# Gearburger.com



## BeanoNYC (Dec 29, 2009)

After a lengthy photo discussion on Facebook between me and some other AZ members regarding someone's recent (and awesome!) tramdock purchase, I decided to poke around to find out if I could get alerts for specific items or brands.   I came across www.gearburger.com 

You can customize the settings to be for specific brands or types.  They will email you when any of the "one deal at a time" sites has a deal that meets your criteria.  I find this useful as these sites will have repeats on certain days and will alert me to keep a closer eye on it.

Thought this might come in handy for someone here.  Sorry if this site has been discussed before but the search came up empty.


----------



## WJenness (Dec 29, 2009)

Out of curiosity, what was the recent and awesome tramdock purchase.

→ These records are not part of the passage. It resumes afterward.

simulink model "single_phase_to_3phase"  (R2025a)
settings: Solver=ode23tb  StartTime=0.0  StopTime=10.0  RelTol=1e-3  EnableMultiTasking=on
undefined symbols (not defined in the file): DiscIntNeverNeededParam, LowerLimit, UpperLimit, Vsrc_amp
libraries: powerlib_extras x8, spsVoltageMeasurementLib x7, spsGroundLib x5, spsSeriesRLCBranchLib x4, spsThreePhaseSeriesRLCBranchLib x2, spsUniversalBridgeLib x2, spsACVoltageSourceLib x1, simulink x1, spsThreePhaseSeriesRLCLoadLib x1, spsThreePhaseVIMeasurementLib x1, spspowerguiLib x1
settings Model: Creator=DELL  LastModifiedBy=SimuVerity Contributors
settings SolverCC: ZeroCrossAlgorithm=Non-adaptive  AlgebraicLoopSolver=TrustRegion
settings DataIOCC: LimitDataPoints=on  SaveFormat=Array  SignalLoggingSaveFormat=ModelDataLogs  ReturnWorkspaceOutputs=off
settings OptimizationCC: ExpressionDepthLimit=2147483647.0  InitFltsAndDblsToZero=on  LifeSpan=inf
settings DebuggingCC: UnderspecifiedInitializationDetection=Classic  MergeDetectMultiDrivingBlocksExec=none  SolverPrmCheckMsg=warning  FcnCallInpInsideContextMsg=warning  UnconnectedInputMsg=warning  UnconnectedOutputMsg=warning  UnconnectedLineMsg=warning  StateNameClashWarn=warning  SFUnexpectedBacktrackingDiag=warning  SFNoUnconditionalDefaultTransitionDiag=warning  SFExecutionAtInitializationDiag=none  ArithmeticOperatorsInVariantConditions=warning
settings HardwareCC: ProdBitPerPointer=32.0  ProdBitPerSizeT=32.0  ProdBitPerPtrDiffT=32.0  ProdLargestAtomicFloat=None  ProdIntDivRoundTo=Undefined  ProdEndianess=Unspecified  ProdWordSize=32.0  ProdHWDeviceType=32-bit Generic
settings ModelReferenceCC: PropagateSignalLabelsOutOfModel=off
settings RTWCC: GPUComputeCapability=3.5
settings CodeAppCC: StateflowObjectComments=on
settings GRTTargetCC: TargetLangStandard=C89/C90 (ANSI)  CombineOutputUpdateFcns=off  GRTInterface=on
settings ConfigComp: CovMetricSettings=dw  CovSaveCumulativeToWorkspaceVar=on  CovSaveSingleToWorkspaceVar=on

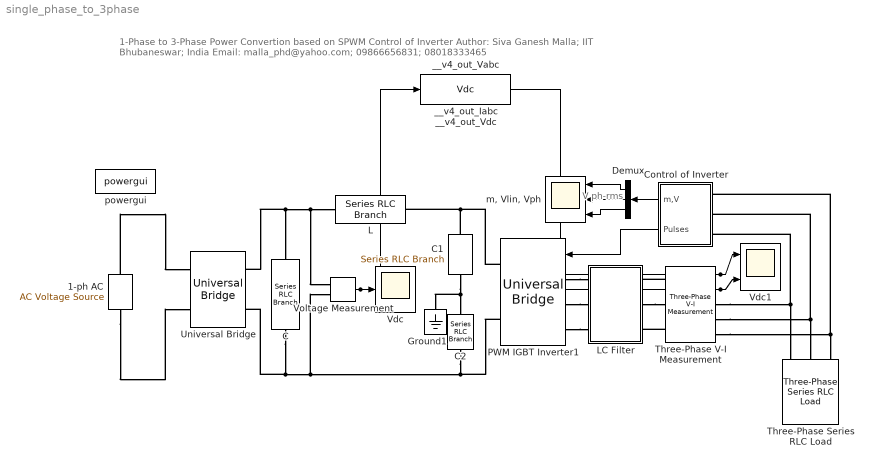
== system single_phase_to_3phase ==
  note: V ph-rms
  note: 1-Phase to 3-Phase Power Convertion based on SPWM Control of Inverter
      | Author: Siva Ganesh Malla; IIT Bhubaneswar; India
      | Email: malla_phd@yahoo.com; 09866656831; 08018333465
  1-ph AC : spsACVoltageSourceLib/AC Voltage Source  Amplitude=Vsrc_amp  Phase=0  Frequency=50  SampleTime=0.00001  Measurements=None  BusType=swing  Pref=10e3  Qref=0  Qmin=-inf  Qmax=+inf
  C : spsSeriesRLCBranchLib/Series RLC Branch  LConnTagsString=__new0  RConnTagsString=__new0  BranchType=C  Resistance=1  Inductance=1e-3  SetiL0=off  InitialCurrent=0  Capacitance=10e-6  Setx0=off  InitialVoltage=0  Measurements=None
  C1 : spsSeriesRLCBranchLib/Series RLC Branch  LConnTagsString=__new0  RConnTagsString=__new0  BranchType=C  Resistance=1  Inductance=1e-3  SetiL0=off  InitialCurrent=0  Capacitance=2300e-6  Setx0=off  InitialVoltage=0  Measurements=None
  C2 : spsSeriesRLCBranchLib/Series RLC Branch  LConnTagsString=__new0  RConnTagsString=__new0  BranchType=C  Resistance=1  Inductance=1e-3  SetiL0=off  InitialCurrent=0  Capacitance=2300e-6  Setx0=off  InitialVoltage=0  Measurements=None
  Control of Inverter : Subsystem
  Demux : Demux  Outputs=3
  Ground1 : spsGroundLib/Ground  LConnTagsString=a
  L : spsSeriesRLCBranchLib/Series RLC Branch  LConnTagsString=__new0  RConnTagsString=__new0  BranchType=L  Resistance=1  Inductance=0.1e-3  SetiL0=off  InitialCurrent=0  Capacitance=1e-6  Setx0=off  InitialVoltage=0  Measurements=None
  LC Filter : Subsystem
  PWM IGBT Inverter1 : spsUniversalBridgeLib/Universal Bridge  Arms=3  SnubberResistance=5000  SnubberCapacitance=inf  Device=GTO / Diodes  Ron=1e-3  Lon=0  ForwardVoltages="[  0.0  0.0  ]"  ForwardVoltage=.8  GTOparameters=[ 1e-6 ,1e-6 ]  IGBTparameters=[ 1e-6 , 2e-6 ]  Measurements=Device currents  Measurements_2=None  converterType=Rectifier
      settings: AttributesFormatString=\n
  Three-Phase Series RLC Load : spsThreePhaseSeriesRLCLoadLib/Three-Phase Series RLC Load  LConnTagsString=A|B|C  Configuration=Y (grounded)  NominalVoltage=400  Vabc=[1e3 1e3 1e3]  Vabcp=[1e3 1e3 1e3]  NominalFrequency=50  UnbalancedPower=off  ActivePower=P_load  InductivePower=0  CapacitivePower=0  Pabc=[10e3 9e3 11e3]  QLabc=[100 90 110]  QCabc=[100 90 110]  Pabcp=[10e3 9e3 11e3]  QLabcp=[100 90 110]  QCabcp=[100 90 110]  Measurements=None  LoadType=constant Z
  Three-Phase V-I Measurement : spsThreePhaseVIMeasurementLib/Three-Phase V-I Measurement  VoltageMeasurement=phase-to-ground  SetLabelV=off  LabelV=Vabc  Vpu=off  VpuLL=off  CurrentMeasurement=yes  SetLabelI=off  LabelI=Iabc  Ipu=off  Pbase=100e6  Vbase=500e3  OutputType=Complex  PhasorSimulation=off  PSBequivalent=0
  Universal Bridge : spsUniversalBridgeLib/Universal Bridge  Arms=2  SnubberResistance=1e5  SnubberCapacitance=inf  Device=Diodes  Ron=1e-3  Lon=0  ForwardVoltages="[  0  0  ]"  ForwardVoltage=0  GTOparameters=[ 10e-6 , 20e-6 ]  IGBTparameters=[ 1e-6 , 2e-6 ]  Measurements=None  Measurements_2=None  converterType=Rectifier
  Vdc : Scope
      settings: SampleTime=100e-6  TimeSpan=1  ActiveDisplayYMinimum=475  ActiveDisplayYMaximum=675  DataLoggingVariableName=Ia_1
  Vdc1 : Scope  NumInputPorts=2
      settings: SampleTime=100e-6  TimeSpan=1  ActiveDisplayYMinimum=-350  ActiveDisplayYMaximum=350  DataLoggingVariableName=Ia_2
  Voltage Measurement : spsVoltageMeasurementLib/Voltage Measurement  PhasorSimulation=off  OutputType=Complex  PSBequivalent=0
  __v4_out_Iabc : ToWorkspace  VariableName=Iabc  SaveFormat=Timeseries  SampleTime=-1
  __v4_out_Vabc : ToWorkspace  VariableName=Vabc  SaveFormat=Timeseries  SampleTime=-1
  __v4_out_Vdc : ToWorkspace  VariableName=Vdc  SaveFormat=Timeseries  SampleTime=-1
  "m, Vlin, Vph" : Scope  NumInputPorts=3
      settings: SampleTime=100e-6  TimeSpan=1  ActiveDisplayYMinimum=0.93  ActiveDisplayYMaximum=0.995  DataLoggingVariableName=Ia_
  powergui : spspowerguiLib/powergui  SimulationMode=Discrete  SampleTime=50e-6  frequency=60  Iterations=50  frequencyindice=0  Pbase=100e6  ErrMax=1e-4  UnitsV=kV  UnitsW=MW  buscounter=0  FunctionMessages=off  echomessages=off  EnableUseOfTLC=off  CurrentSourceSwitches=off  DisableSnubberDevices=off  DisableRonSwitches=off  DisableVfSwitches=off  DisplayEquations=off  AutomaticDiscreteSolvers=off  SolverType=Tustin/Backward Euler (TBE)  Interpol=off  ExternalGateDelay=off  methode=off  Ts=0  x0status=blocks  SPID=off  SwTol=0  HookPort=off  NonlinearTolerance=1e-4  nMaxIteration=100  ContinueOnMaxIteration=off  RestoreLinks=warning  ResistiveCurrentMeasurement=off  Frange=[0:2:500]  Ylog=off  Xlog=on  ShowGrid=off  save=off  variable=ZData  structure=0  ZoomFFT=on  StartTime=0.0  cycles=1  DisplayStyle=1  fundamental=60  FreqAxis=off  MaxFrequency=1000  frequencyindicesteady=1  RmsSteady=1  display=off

Will check out gearburger, sounds pretty sweet. Thanks.

-w


----------



## wa-loaf (Dec 29, 2009)

WJenness said:


> Out of curiosity, what was the recent and awesome tramdock purchase.
> 
> Will check out gearburger, sounds pretty sweet. Thanks.
> 
> -w



Brian's new Watea's.


----------



## bvibert (Dec 29, 2009)

Sounds like a cool tool.  I'll have to check it out.



WJenness said:


> Out of curiosity, what was the recent and awesome tramdock purchase.
> 
> Will check out gearburger, sounds pretty sweet. Thanks.
> 
> -w



Watea 94, $325


----------



## BeanoNYC (Dec 29, 2009)

WJenness said:


> Out of curiosity, what was the recent and awesome tramdock purchase.
> 
> Will check out gearburger, sounds pretty sweet. Thanks.
> 
> -w



http://forums.alpinezone.com/showpost.php?p=494120&postcount=289

bvbert picked up a pair Fischer Wateas.  I want the same ones, only in 84 and 176 to replace my everyday ski.  

With a little search on the site, I am able to get alerts on that specific ski with that specific waist!


----------



## BeanoNYC (Dec 29, 2009)

I guess you guys beat me to it.  I kept the names out of the conversation to protect the innocent.  (not sure if you want to be associated with me  )  Now that the cat is out of the bag poor Sev can have her facebook photo back without us hijacking the comments.


----------



## WJenness (Dec 29, 2009)

Nice grab bvibert!

I have the 84 in a 184 length and I love them so far (3 days on them to this point, some soft manmade, but no soft natural yet).. By the end of day three, I was really dialing in how to ski this ski and make them carve... They're a very fun ski, but they like to RUN, so I think I may need to find something else for the crowded days. (But that's likely the gear whore in me trying to justify another ski purchase)

-w


----------



## BeanoNYC (Dec 29, 2009)

Here is the tracking feature for a specific item.  Pretty neat.


----------



## bvibert (Dec 29, 2009)

BeanoNYC said:


> I guess you guys beat me to it.  I kept the names out of the conversation to protect the innocent.  (not sure if you want to be associated with me  )  Now that the cat is out of the bag poor Sev can have her facebook photo back without us hijacking the comments.



No problems, I appreciate the discretion.    Seriously, it was a good deal, I don't mind talking about it.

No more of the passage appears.